Some few parts struck me as rather heterogeneous, but I do not know whether to an extent that at all signified. I missed however, a good deal, some general heading to the chapters, such as the two or three principal places visited. One has no right to expect an author to write down to the zero of geographical ignorance of the reader; but I not knowing a single place, was occasionally rather plagued in tracing your course.

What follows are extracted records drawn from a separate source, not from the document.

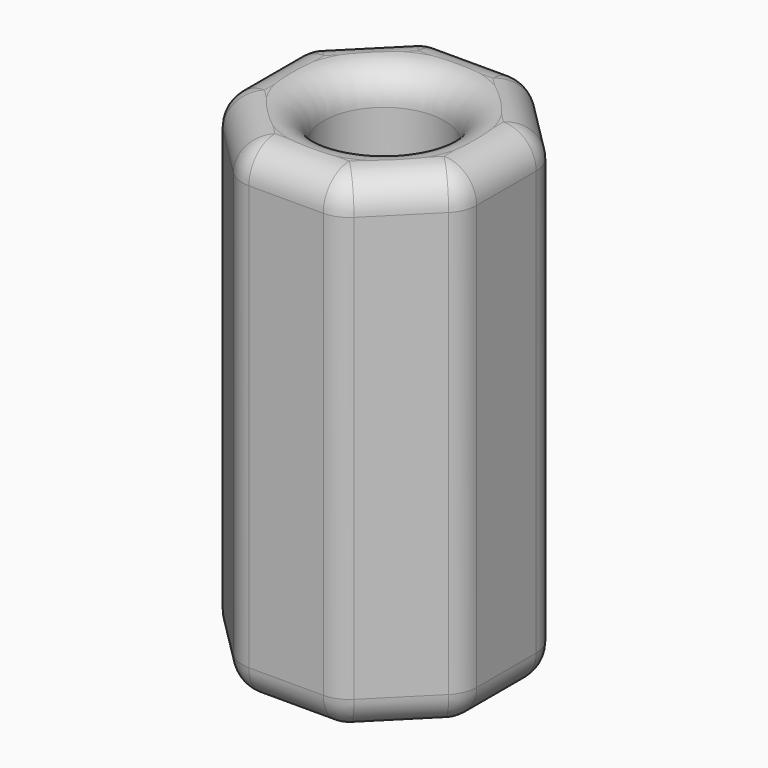
from build123d import *

# Parameters (mm, degrees)
F1_DEPTH      = 30
F2_R          = 3.7
F3_DEPTH      = 15
F4_T3_DEPTH   = 4.5563491861
F4_T5_DEPTH   = 26
F4_T7_DEPTH   = 4.5563491861
F4_T9_DEPTH   = 4.5563491861
F4_T11_DEPTH  = 4.5563491861
F4_T13_DEPTH  = 4.5563491861
F4_T15_DEPTH  = 4.5563491861
F4_T20_DEPTH  = 2
F4_T26_DEPTH  = 2
F4_T32_DEPTH  = 2
F4_T38_DEPTH  = 2
F4_T44_DEPTH  = 2
F4_T50_DEPTH  = 2
F4_T56_DEPTH  = 2
F4_T62_DEPTH  = 2
F4_T68_DEPTH  = 2
F4_T74_DEPTH  = 2
F4_T80_DEPTH  = 2
F4_T86_DEPTH  = 2
F4_T92_DEPTH  = 2
F4_T98_DEPTH  = 2
F4_T104_DEPTH = 2
F4_T110_DEPTH = 2


# Not quite as in the source:
# - a fillet or chamfer that OpenCascade refuses, or shapes differently, is made with other operations: its cross-section is extruded or revolved along the edge and cut away or added


with BuildPart() as f1:
    # F0 (on Top) → F1 (new body)
    with BuildSketch(Plane.XY):
        Polygon((-7.5, 3.1066017178), (-7.5, -3.1066017178), (-3.1066017178, -7.5), (3.1066017178, -7.5), (7.5, -3.1066017178), (7.5, 3.1066017178), (3.1066017178, 7.5), (-3.1066017178, 7.5), align=None)
    extrude(amount=F1_DEPTH)

    # F2 (on face) → F3 (cut)
    with BuildSketch(Plane.XY.offset(30)):
        Circle(F2_R)
    extrude(amount=-F3_DEPTH, mode=Mode.SUBTRACT)

    # F4: fillet of radius 2 on 26 edges, made by hand

    # F4_s1 → F4_t2 (revolve)
    with BuildSketch(Plane.XZ):
        with BuildLine():
            ThreePointArc((3.7, 17), (3.1142135624, 15.5857864376), (1.7, 15))
            Line((1.7, 15), (3.7, 15))
            Line((3.7, 15), (3.7, 17))
        make_face()
    revolve(axis=Axis((0, 0, 15), (0, 0, 1)))

    # F4_s4 → F4_t3 (cut)
    with BuildSketch(Plane(origin=(-1.6109127035, -1.6109127035, 0), x_dir=(0, 0, 1), z_dir=(0.7071067812, 0.7071067812, 0))):
        with BuildLine():
            ThreePointArc((0, 5.5), (0.5857864376, 6.9142135624), (2, 7.5))
            Line((2, 7.5), (0, 7.5))
            Line((0, 7.5), (0, 5.5))
        make_face()
        with BuildLine():
            ThreePointArc((30, 5.5), (29.4142135624, 6.9142135624), (28, 7.5))
            Line((28, 7.5), (30, 7.5))
            Line((30, 7.5), (30, 5.5))
        make_face()
    extrude(amount=F4_T3_DEPTH, mode=Mode.SUBTRACT)

    # F4_s6 → F4_t5 (cut)
    with BuildSketch(Plane.XY.offset(2)):
        with BuildLine():
            ThreePointArc((6.9142135624, -3.6923881554), (7.347759065, -3.0435414578), (7.5, -2.2781745931))
            Line((7.5, -2.2781745931), (7.5, -3.1066017178))
            Line((7.5, -3.1066017178), (6.9142135624, -3.6923881554))
        make_face()
        with BuildLine():
            ThreePointArc((7.5, 2.2781745931), (7.347759065, 3.0435414578), (6.9142135624, 3.6923881554))
            Line((6.9142135624, 3.6923881554), (7.5, 3.1066017178))
            Line((7.5, 3.1066017178), (7.5, 2.2781745931))
        make_face()
        with BuildLine():
            ThreePointArc((-7.5, 2.2781745931), (-7.347759065, 3.0435414578), (-6.9142135624, 3.6923881554))
            Line((-6.9142135624, 3.6923881554), (-7.5, 3.1066017178))
            Line((-7.5, 3.1066017178), (-7.5, 2.2781745931))
        make_face()
        with BuildLine():
            ThreePointArc((-3.6923881554, 6.9142135624), (-3.0435414578, 7.347759065), (-2.2781745931, 7.5))
            Line((-2.2781745931, 7.5), (-3.1066017178, 7.5))
            Line((-3.1066017178, 7.5), (-3.6923881554, 6.9142135624))
        make_face()
        with BuildLine():
            ThreePointArc((-3.6923881554, -6.9142135624), (-3.0435414578, -7.347759065), (-2.2781745931, -7.5))
            Line((-2.2781745931, -7.5), (-3.1066017178, -7.5))
            Line((-3.1066017178, -7.5), (-3.6923881554, -6.9142135624))
        make_face()
        with BuildLine():
            ThreePointArc((-7.5, -2.2781745931), (-7.347759065, -3.0435414578), (-6.9142135624, -3.6923881554))
            Line((-6.9142135624, -3.6923881554), (-7.5, -3.1066017178))
            Line((-7.5, -3.1066017178), (-7.5, -2.2781745931))
        make_face()
        with BuildLine():
            ThreePointArc((2.2781745931, -7.5), (3.0435414578, -7.347759065), (3.6923881554, -6.9142135624))
            Line((3.6923881554, -6.9142135624), (3.1066017178, -7.5))
            Line((3.1066017178, -7.5), (2.2781745931, -7.5))
        make_face()
        with BuildLine():
            ThreePointArc((2.2781745931, 7.5), (3.0435414578, 7.347759065), (3.6923881554, 6.9142135624))
            Line((3.6923881554, 6.9142135624), (3.1066017178, 7.5))
            Line((3.1066017178, 7.5), (2.2781745931, 7.5))
        make_face()
    extrude(amount=F4_T5_DEPTH, mode=Mode.SUBTRACT)

    # F4_s8 → F4_t7 (cut)
    with BuildSketch(Plane.YZ.offset(-2.2781745931)):
        with BuildLine():
            ThreePointArc((-5.5, 0), (-6.9142135624, 0.5857864376), (-7.5, 2))
            Line((-7.5, 2), (-7.5, 0))
            Line((-7.5, 0), (-5.5, 0))
        make_face()
        with BuildLine():
            ThreePointArc((5.5, 0), (6.9142135624, 0.5857864376), (7.5, 2))
            Line((7.5, 2), (7.5, 0))
            Line((7.5, 0), (5.5, 0))
        make_face()
        with BuildLine():
            ThreePointArc((-5.5, 30), (-6.9142135624, 29.4142135624), (-7.5, 28))
            Line((-7.5, 28), (-7.5, 30))
            Line((-7.5, 30), (-5.5, 30))
        make_face()
        with BuildLine():
            ThreePointArc((5.5, 30), (6.9142135624, 29.4142135624), (7.5, 28))
            Line((7.5, 28), (7.5, 30))
            Line((7.5, 30), (5.5, 30))
        make_face()
    extrude(amount=F4_T7_DEPTH, mode=Mode.SUBTRACT)

    # F4_s10 → F4_t9 (cut)
    with BuildSketch(Plane.XZ.offset(-2.2781745931)):
        with BuildLine():
            ThreePointArc((5.5, 30), (6.9142135624, 29.4142135624), (7.5, 28))
            Line((7.5, 28), (7.5, 30))
            Line((7.5, 30), (5.5, 30))
        make_face()
        with BuildLine():
            ThreePointArc((5.5, 0), (6.9142135624, 0.5857864376), (7.5, 2))
            Line((7.5, 2), (7.5, 0))
            Line((7.5, 0), (5.5, 0))
        make_face()
        with BuildLine():
            ThreePointArc((-7.5, 2), (-6.9142135624, 0.5857864376), (-5.5, 0))
            Line((-5.5, 0), (-7.5, 0))
            Line((-7.5, 0), (-7.5, 2))
        make_face()
        with BuildLine():
            ThreePointArc((-7.5, 28), (-6.9142135624, 29.4142135624), (-5.5, 30))
            Line((-5.5, 30), (-7.5, 30))
            Line((-7.5, 30), (-7.5, 28))
        make_face()
    extrude(amount=F4_T9_DEPTH, mode=Mode.SUBTRACT)

    # F4_s12 → F4_t11 (cut)
    with BuildSketch(Plane(origin=(1.6109127035, -1.6109127035, 0), x_dir=(0, 0, 1), z_dir=(-0.7071067812, 0.7071067812, 0))):
        with BuildLine():
            ThreePointArc((0, 5.5), (0.5857864376, 6.9142135624), (2, 7.5))
            Line((2, 7.5), (0, 7.5))
            Line((0, 7.5), (0, 5.5))
        make_face()
        with BuildLine():
            ThreePointArc((30, 5.5), (29.4142135624, 6.9142135624), (28, 7.5))
            Line((28, 7.5), (30, 7.5))
            Line((30, 7.5), (30, 5.5))
        make_face()
    extrude(amount=F4_T11_DEPTH, mode=Mode.SUBTRACT)

    # F4_s14 → F4_t13 (cut)
    with BuildSketch(Plane(origin=(-1.6109127035, 1.6109127035, 0), x_dir=(0, 0, 1), z_dir=(0.7071067812, -0.7071067812, 0))):
        with BuildLine():
            ThreePointArc((2, 7.5), (0.5857864376, 6.9142135624), (0, 5.5))
            Line((0, 5.5), (0, 7.5))
            Line((0, 7.5), (2, 7.5))
        make_face()
        with BuildLine():
            ThreePointArc((28, 7.5), (29.4142135624, 6.9142135624), (30, 5.5))
            Line((30, 5.5), (30, 7.5))
            Line((30, 7.5), (28, 7.5))
        make_face()
    extrude(amount=F4_T13_DEPTH, mode=Mode.SUBTRACT)

    # F4_s16 → F4_t15 (cut)
    with BuildSketch(Plane(origin=(1.6109127035, 1.6109127035, 0), x_dir=(0, 0, 1), z_dir=(-0.7071067812, -0.7071067812, 0))):
        with BuildLine():
            ThreePointArc((28, 7.5), (29.4142135624, 6.9142135624), (30, 5.5))
            Line((30, 5.5), (30, 7.5))
            Line((30, 7.5), (28, 7.5))
        make_face()
        with BuildLine():
            ThreePointArc((2, 7.5), (0.5857864376, 6.9142135624), (0, 5.5))
            Line((0, 5.5), (0, 7.5))
            Line((0, 7.5), (2, 7.5))
        make_face()
    extrude(amount=F4_T15_DEPTH, mode=Mode.SUBTRACT)


with BuildPart() as f4_tool18:
    # F4_s19 → F4_t20 (new body)
    with BuildSketch(Plane.XY.offset(2)):
        Polygon((2.2781745931, -5.5), (2.2781745931, -7.5), (3.1066017178, -7.5), (3.6923881554, -6.9142135624), align=None)
    extrude(amount=-F4_T20_DEPTH)

    # F4_s21 → F4_t22 (revolve, cut)
    with BuildSketch(Plane(origin=(2.2781745931, -5.5, 2), x_dir=(-0.3826834324, 0.9238795325, 0), z_dir=(-0.9238795325, -0.3826834324, 0))):
        with BuildLine():
            ThreePointArc((0, -2), (2, 0), (0, 2))
            Line((0, 2), (0, -2))
        make_face()
    revolve(axis=Axis((2.2781745931, -5.5, 2), (0, 0, -1)), mode=Mode.SUBTRACT)


with BuildPart() as f1_1:
    add(f1.part)

    # F4_t17: cut F4_tool18
    add(f4_tool18.part, mode=Mode.SUBTRACT)


with BuildPart() as f4_tool24:
    # F4_s25 → F4_t26 (new body)
    with BuildSketch(Plane.XY.offset(2)):
        Polygon((5.5, -2.2781745931), (6.9142135624, -3.6923881554), (7.5, -3.1066017178), (7.5, -2.2781745931), align=None)
    extrude(amount=-F4_T26_DEPTH)

    # F4_s27 → F4_t28 (revolve, cut)
    with BuildSketch(Plane(origin=(5.5, -2.2781745931, 2), x_dir=(-0.9238795325, 0.3826834324, 0), z_dir=(-0.3826834324, -0.9238795325, 0))):
        with BuildLine():
            ThreePointArc((0, -2), (2, 0), (0, 2))
            Line((0, 2), (0, -2))
        make_face()
    revolve(axis=Axis((5.5, -2.2781745931, 2), (0, 0, -1)), mode=Mode.SUBTRACT)


with BuildPart() as f1_2:
    add(f1_1.part)

    # F4_t23: cut F4_tool24
    add(f4_tool24.part, mode=Mode.SUBTRACT)


with BuildPart() as f4_tool30:
    # F4_s31 → F4_t32 (new body)
    with BuildSketch(Plane.XY.offset(28)):
        Polygon((5.5, -2.2781745931), (6.9142135624, -3.6923881554), (7.5, -3.1066017178), (7.5, -2.2781745931), align=None)
    extrude(amount=F4_T32_DEPTH)

    # F4_s33 → F4_t34 (revolve, cut)
    with BuildSketch(Plane(origin=(5.5, -2.2781745931, 28), x_dir=(-0.9238795325, 0.3826834324, 0), z_dir=(0.3826834324, 0.9238795325, 0))):
        with BuildLine():
            ThreePointArc((0, -2), (2, 0), (0, 2))
            Line((0, 2), (0, -2))
        make_face()
    revolve(axis=Axis((5.5, -2.2781745931, 28), (0, 0, 1)), mode=Mode.SUBTRACT)


with BuildPart() as f1_3:
    add(f1_2.part)

    # F4_t29: cut F4_tool30
    add(f4_tool30.part, mode=Mode.SUBTRACT)


with BuildPart() as f4_tool36:
    # F4_s37 → F4_t38 (new body)
    with BuildSketch(Plane.XY.offset(2)):
        Polygon((5.5, 2.2781745931), (7.5, 2.2781745931), (7.5, 3.1066017178), (6.9142135624, 3.6923881554), align=None)
    extrude(amount=-F4_T38_DEPTH)

    # F4_s39 → F4_t40 (revolve, cut)
    with BuildSketch(Plane(origin=(5.5, 2.2781745931, 2), x_dir=(-0.9238795325, -0.3826834324, 0), z_dir=(0.3826834324, -0.9238795325, 0))):
        with BuildLine():
            ThreePointArc((0, -2), (2, 0), (0, 2))
            Line((0, 2), (0, -2))
        make_face()
    revolve(axis=Axis((5.5, 2.2781745931, 2), (0, 0, -1)), mode=Mode.SUBTRACT)


with BuildPart() as f1_4:
    add(f1_3.part)

    # F4_t35: cut F4_tool36
    add(f4_tool36.part, mode=Mode.SUBTRACT)


with BuildPart() as f4_tool42:
    # F4_s43 → F4_t44 (new body)
    with BuildSketch(Plane.XY.offset(28)):
        Polygon((5.5, 2.2781745931), (7.5, 2.2781745931), (7.5, 3.1066017178), (6.9142135624, 3.6923881554), align=None)
    extrude(amount=F4_T44_DEPTH)

    # F4_s45 → F4_t46 (revolve, cut)
    with BuildSketch(Plane(origin=(5.5, 2.2781745931, 28), x_dir=(-0.9238795325, -0.3826834324, 0), z_dir=(-0.3826834324, 0.9238795325, 0))):
        with BuildLine():
            ThreePointArc((0, -2), (2, 0), (0, 2))
            Line((0, 2), (0, -2))
        make_face()
    revolve(axis=Axis((5.5, 2.2781745931, 28), (0, 0, 1)), mode=Mode.SUBTRACT)


with BuildPart() as f1_5:
    add(f1_4.part)

    # F4_t41: cut F4_tool42
    add(f4_tool42.part, mode=Mode.SUBTRACT)


with BuildPart() as f4_tool48:
    # F4_s49 → F4_t50 (new body)
    with BuildSketch(Plane.XY.offset(2)):
        Polygon((-2.2781745931, -5.5), (-2.2781745931, -7.5), (-3.1066017178, -7.5), (-3.6923881554, -6.9142135624), align=None)
    extrude(amount=-F4_T50_DEPTH)

    # F4_s51 → F4_t52 (revolve, cut)
    with BuildSketch(Plane(origin=(-2.2781745931, -5.5, 2), x_dir=(0.3826834324, 0.9238795325, 0), z_dir=(-0.9238795325, 0.3826834324, 0))):
        with BuildLine():
            ThreePointArc((0, -2), (2, 0), (0, 2))
            Line((0, 2), (0, -2))
        make_face()
    revolve(axis=Axis((-2.2781745931, -5.5, 2), (0, 0, -1)), mode=Mode.SUBTRACT)


with BuildPart() as f1_6:
    add(f1_5.part)

    # F4_t47: cut F4_tool48
    add(f4_tool48.part, mode=Mode.SUBTRACT)


with BuildPart() as f4_tool54:
    # F4_s55 → F4_t56 (new body)
    with BuildSketch(Plane.XY.offset(2)):
        Polygon((2.2781745931, 5.5), (2.2781745931, 7.5), (3.1066017178, 7.5), (3.6923881554, 6.9142135624), align=None)
    extrude(amount=-F4_T56_DEPTH)

    # F4_s57 → F4_t58 (revolve, cut)
    with BuildSketch(Plane(origin=(2.2781745931, 5.5, 2), x_dir=(-0.3826834324, -0.9238795325, 0), z_dir=(0.9238795325, -0.3826834324, 0))):
        with BuildLine():
            ThreePointArc((0, -2), (2, 0), (0, 2))
            Line((0, 2), (0, -2))
        make_face()
    revolve(axis=Axis((2.2781745931, 5.5, 2), (0, 0, -1)), mode=Mode.SUBTRACT)


with BuildPart() as f1_7:
    add(f1_6.part)

    # F4_t53: cut F4_tool54
    add(f4_tool54.part, mode=Mode.SUBTRACT)


with BuildPart() as f4_tool60:
    # F4_s61 → F4_t62 (new body)
    with BuildSketch(Plane.XY.offset(2)):
        Polygon((-2.2781745931, 5.5), (-2.2781745931, 7.5), (-3.1066017178, 7.5), (-3.6923881554, 6.9142135624), align=None)
    extrude(amount=-F4_T62_DEPTH)

    # F4_s63 → F4_t64 (revolve, cut)
    with BuildSketch(Plane(origin=(-2.2781745931, 5.5, 2), x_dir=(0.3826834324, -0.9238795325, 0), z_dir=(0.9238795325, 0.3826834324, 0))):
        with BuildLine():
            ThreePointArc((0, -2), (2, 0), (0, 2))
            Line((0, 2), (0, -2))
        make_face()
    revolve(axis=Axis((-2.2781745931, 5.5, 2), (0, 0, -1)), mode=Mode.SUBTRACT)


with BuildPart() as f1_8:
    add(f1_7.part)

    # F4_t59: cut F4_tool60
    add(f4_tool60.part, mode=Mode.SUBTRACT)


with BuildPart() as f4_tool66:
    # F4_s67 → F4_t68 (new body)
    with BuildSketch(Plane.XY.offset(2)):
        Polygon((-5.5, -2.2781745931), (-7.5, -2.2781745931), (-7.5, -3.1066017178), (-6.9142135624, -3.6923881554), align=None)
    extrude(amount=-F4_T68_DEPTH)

    # F4_s69 → F4_t70 (revolve, cut)
    with BuildSketch(Plane(origin=(-5.5, -2.2781745931, 2), x_dir=(0.9238795325, 0.3826834324, 0), z_dir=(-0.3826834324, 0.9238795325, 0))):
        with BuildLine():
            ThreePointArc((0, -2), (2, 0), (0, 2))
            Line((0, 2), (0, -2))
        make_face()
    revolve(axis=Axis((-5.5, -2.2781745931, 2), (0, 0, -1)), mode=Mode.SUBTRACT)


with BuildPart() as f1_9:
    add(f1_8.part)

    # F4_t65: cut F4_tool66
    add(f4_tool66.part, mode=Mode.SUBTRACT)


with BuildPart() as f4_tool72:
    # F4_s73 → F4_t74 (new body)
    with BuildSketch(Plane.XY.offset(2)):
        Polygon((-5.5, 2.2781745931), (-7.5, 2.2781745931), (-7.5, 3.1066017178), (-6.9142135624, 3.6923881554), align=None)
    extrude(amount=-F4_T74_DEPTH)

    # F4_s75 → F4_t76 (revolve, cut)
    with BuildSketch(Plane(origin=(-5.5, 2.2781745931, 2), x_dir=(0.9238795325, -0.3826834324, 0), z_dir=(0.3826834324, 0.9238795325, 0))):
        with BuildLine():
            ThreePointArc((0, -2), (2, 0), (0, 2))
            Line((0, 2), (0, -2))
        make_face()
    revolve(axis=Axis((-5.5, 2.2781745931, 2), (0, 0, -1)), mode=Mode.SUBTRACT)


with BuildPart() as f1_10:
    add(f1_9.part)

    # F4_t71: cut F4_tool72
    add(f4_tool72.part, mode=Mode.SUBTRACT)


with BuildPart() as f4_tool78:
    # F4_s79 → F4_t80 (new body)
    with BuildSketch(Plane.XY.offset(28)):
        Polygon((-5.5, 2.2781745931), (-7.5, 2.2781745931), (-7.5, 3.1066017178), (-6.9142135624, 3.6923881554), align=None)
    extrude(amount=F4_T80_DEPTH)

    # F4_s81 → F4_t82 (revolve, cut)
    with BuildSketch(Plane(origin=(-5.5, 2.2781745931, 28), x_dir=(0.9238795325, -0.3826834324, 0), z_dir=(-0.3826834324, -0.9238795325, 0))):
        with BuildLine():
            ThreePointArc((0, -2), (2, 0), (0, 2))
            Line((0, 2), (0, -2))
        make_face()
    revolve(axis=Axis((-5.5, 2.2781745931, 28), (0, 0, 1)), mode=Mode.SUBTRACT)


with BuildPart() as f1_11:
    add(f1_10.part)

    # F4_t77: cut F4_tool78
    add(f4_tool78.part, mode=Mode.SUBTRACT)


with BuildPart() as f4_tool84:
    # F4_s85 → F4_t86 (new body)
    with BuildSketch(Plane.XY.offset(28)):
        Polygon((-2.2781745931, 5.5), (-2.2781745931, 7.5), (-3.1066017178, 7.5), (-3.6923881554, 6.9142135624), align=None)
    extrude(amount=F4_T86_DEPTH)

    # F4_s87 → F4_t88 (revolve, cut)
    with BuildSketch(Plane(origin=(-2.2781745931, 5.5, 28), x_dir=(0.3826834324, -0.9238795325, 0), z_dir=(-0.9238795325, -0.3826834324, 0))):
        with BuildLine():
            ThreePointArc((0, -2), (2, 0), (0, 2))
            Line((0, 2), (0, -2))
        make_face()
    revolve(axis=Axis((-2.2781745931, 5.5, 28), (0, 0, 1)), mode=Mode.SUBTRACT)


with BuildPart() as f1_12:
    add(f1_11.part)

    # F4_t83: cut F4_tool84
    add(f4_tool84.part, mode=Mode.SUBTRACT)


with BuildPart() as f4_tool90:
    # F4_s91 → F4_t92 (new body)
    with BuildSketch(Plane.XY.offset(28)):
        Polygon((-2.2781745931, -5.5), (-2.2781745931, -7.5), (-3.1066017178, -7.5), (-3.6923881554, -6.9142135624), align=None)
    extrude(amount=F4_T92_DEPTH)

    # F4_s93 → F4_t94 (revolve, cut)
    with BuildSketch(Plane(origin=(-2.2781745931, -5.5, 28), x_dir=(0.3826834324, 0.9238795325, 0), z_dir=(0.9238795325, -0.3826834324, 0))):
        with BuildLine():
            ThreePointArc((0, -2), (2, 0), (0, 2))
            Line((0, 2), (0, -2))
        make_face()
    revolve(axis=Axis((-2.2781745931, -5.5, 28), (0, 0, 1)), mode=Mode.SUBTRACT)


with BuildPart() as f1_13:
    add(f1_12.part)

    # F4_t89: cut F4_tool90
    add(f4_tool90.part, mode=Mode.SUBTRACT)


with BuildPart() as f4_tool96:
    # F4_s97 → F4_t98 (new body)
    with BuildSketch(Plane.XY.offset(28)):
        Polygon((-5.5, -2.2781745931), (-7.5, -2.2781745931), (-7.5, -3.1066017178), (-6.9142135624, -3.6923881554), align=None)
    extrude(amount=F4_T98_DEPTH)

    # F4_s99 → F4_t100 (revolve, cut)
    with BuildSketch(Plane(origin=(-5.5, -2.2781745931, 28), x_dir=(0.9238795325, 0.3826834324, 0), z_dir=(0.3826834324, -0.9238795325, 0))):
        with BuildLine():
            ThreePointArc((0, -2), (2, 0), (0, 2))
            Line((0, 2), (0, -2))
        make_face()
    revolve(axis=Axis((-5.5, -2.2781745931, 28), (0, 0, 1)), mode=Mode.SUBTRACT)


with BuildPart() as f1_14:
    add(f1_13.part)

    # F4_t95: cut F4_tool96
    add(f4_tool96.part, mode=Mode.SUBTRACT)


with BuildPart() as f4_tool102:
    # F4_s103 → F4_t104 (new body)
    with BuildSketch(Plane.XY.offset(28)):
        Polygon((2.2781745931, -5.5), (2.2781745931, -7.5), (3.1066017178, -7.5), (3.6923881554, -6.9142135624), align=None)
    extrude(amount=F4_T104_DEPTH)

    # F4_s105 → F4_t106 (revolve, cut)
    with BuildSketch(Plane(origin=(2.2781745931, -5.5, 28), x_dir=(-0.3826834324, 0.9238795325, 0), z_dir=(0.9238795325, 0.3826834324, 0))):
        with BuildLine():
            ThreePointArc((0, -2), (2, 0), (0, 2))
            Line((0, 2), (0, -2))
        make_face()
    revolve(axis=Axis((2.2781745931, -5.5, 28), (0, 0, 1)), mode=Mode.SUBTRACT)


with BuildPart() as f1_15:
    add(f1_14.part)

    # F4_t101: cut F4_tool102
    add(f4_tool102.part, mode=Mode.SUBTRACT)


with BuildPart() as f4_tool108:
    # F4_s109 → F4_t110 (new body)
    with BuildSketch(Plane.XY.offset(28)):
        Polygon((2.2781745931, 5.5), (2.2781745931, 7.5), (3.1066017178, 7.5), (3.6923881554, 6.9142135624), align=None)
    extrude(amount=F4_T110_DEPTH)

    # F4_s111 → F4_t112 (revolve, cut)
    with BuildSketch(Plane(origin=(2.2781745931, 5.5, 28), x_dir=(-0.3826834324, -0.9238795325, 0), z_dir=(-0.9238795325, 0.3826834324, 0))):
        with BuildLine():
            ThreePointArc((0, -2), (2, 0), (0, 2))
            Line((0, 2), (0, -2))
        make_face()
    revolve(axis=Axis((2.2781745931, 5.5, 28), (0, 0, 1)), mode=Mode.SUBTRACT)


with BuildPart() as f1_16:
    add(f1_15.part)

    # F4_t107: cut F4_tool108
    add(f4_tool108.part, mode=Mode.SUBTRACT)

    # F4_s113 → F4_t114 (revolve, cut)
    with BuildSketch(Plane.XZ):
        with BuildLine():
            ThreePointArc((5.7, 30), (4.2857864376, 29.4142135624), (3.7, 28))
            Line((3.7, 28), (3.7, 30))
            Line((3.7, 30), (5.7, 30))
        make_face()
    revolve(axis=Axis((0, 0, 30), (0, 0, 1)), mode=Mode.SUBTRACT)


solid = f1_16.part

Sometimes in the beginning of a chapter, in one paragraph your course was traced through a half dozen places; anyone, as ignorant as myself, if he could be found, would prefer such a disturbing paragraph left out. I cut your map loose, and I found that a great comfort; I could not follow your engraved track. I think in a second edition, interspaces here and there of one line open, would be an improvement. By the way, I take credit to myself in giving my Journal a less scientific air in having printed all names of species and genera in Romans; the printing looks, also, better. All the illustrations strike me as capital, and the map is an admirable volume in itself. If your 'Principles' had not met with such universal admiration, I should have feared there would have been too much geology in this for the general reader; certainly all that the most clear and light style could do, has been done. To myself the geology was an excellent, well-condensed, well-digested résumé of all that has been made out in North America, and every geologist ought to be grateful to you. The summing up of the Niagara chapter appeared to me the grandest part; I was also deeply interested by your discussion on the origin of the Silurian formations. I have made scores of scores marking passages hereafter useful to me.

All the coal theory appeared to me very good; but it is no use going on enumerating in this manner. I wish there had been more Natural History; I liked all the scattered fragments. I have now given you an exact transcript of my thoughts, but they are hardly worth your reading.

C. Darwin to C. Lyell.

Down, August 25th [1845].

MY DEAR LYELL,-This is literally the first day on which I have had any time to spare; and I will amuse myself by beginning a letter to you.

I was delighted with your letter in which you touch on Slavery; I wish the same feelings had been apparent in your published discussion. But I will not write on this subject, I

should perhaps annoy you, and most certainly myself. I have exhaled myself with a paragraph or two in my Journal. on the sin of Brazilian slavery; you perhaps will think that it is in answer to you; but such is not the case. I have remarked on nothing which I did not hear on the coast of South America. My few sentences, however, are merely an explosion of feeling. How could you relate so placidly that atrocious sentiment about separating children from their parents; and in the next page speak of being distressed at the whites not having prospered; I assure you the contrast made me exclaim out. But I have broken my intention, and so no more on this odious deadly subject.

**

There is a favourable, but not strong enough review on you, in the Gardeners' Chronicle. I am sorry to see that Lindley abides by the carbonic acid gas theory. By the way, I was much pleased by Lindley picking out my extinction paragraphs and giving them uncurtailed. To my mind, putting the comparative rarity of existing species in the same category with extinction has removed a great weight; though of course it does not explain anything, it shows that until we can explain comparative rarity, we ought not to feel any surprise at not explaining extinction. ..

I am much pleased to hear of the call for a new edition of the 'Principles': what glorious good that work has done. I fear this time you will not be amongst the old rocks; how I shall rejoice to live to see you publish and discover another stage below the Silurian-it would be the grandest step possible, I think. I am very glad to hear what progress Bunbury is making in fossil Botany; there is a fine hiatus for him to fill up in this country. I will certainly call on him this winter. . . . From what little I saw of him, I can quite believe everything which you say of his talents.

* In the passage referred to, Lyell does not give his own views, but those of a planter.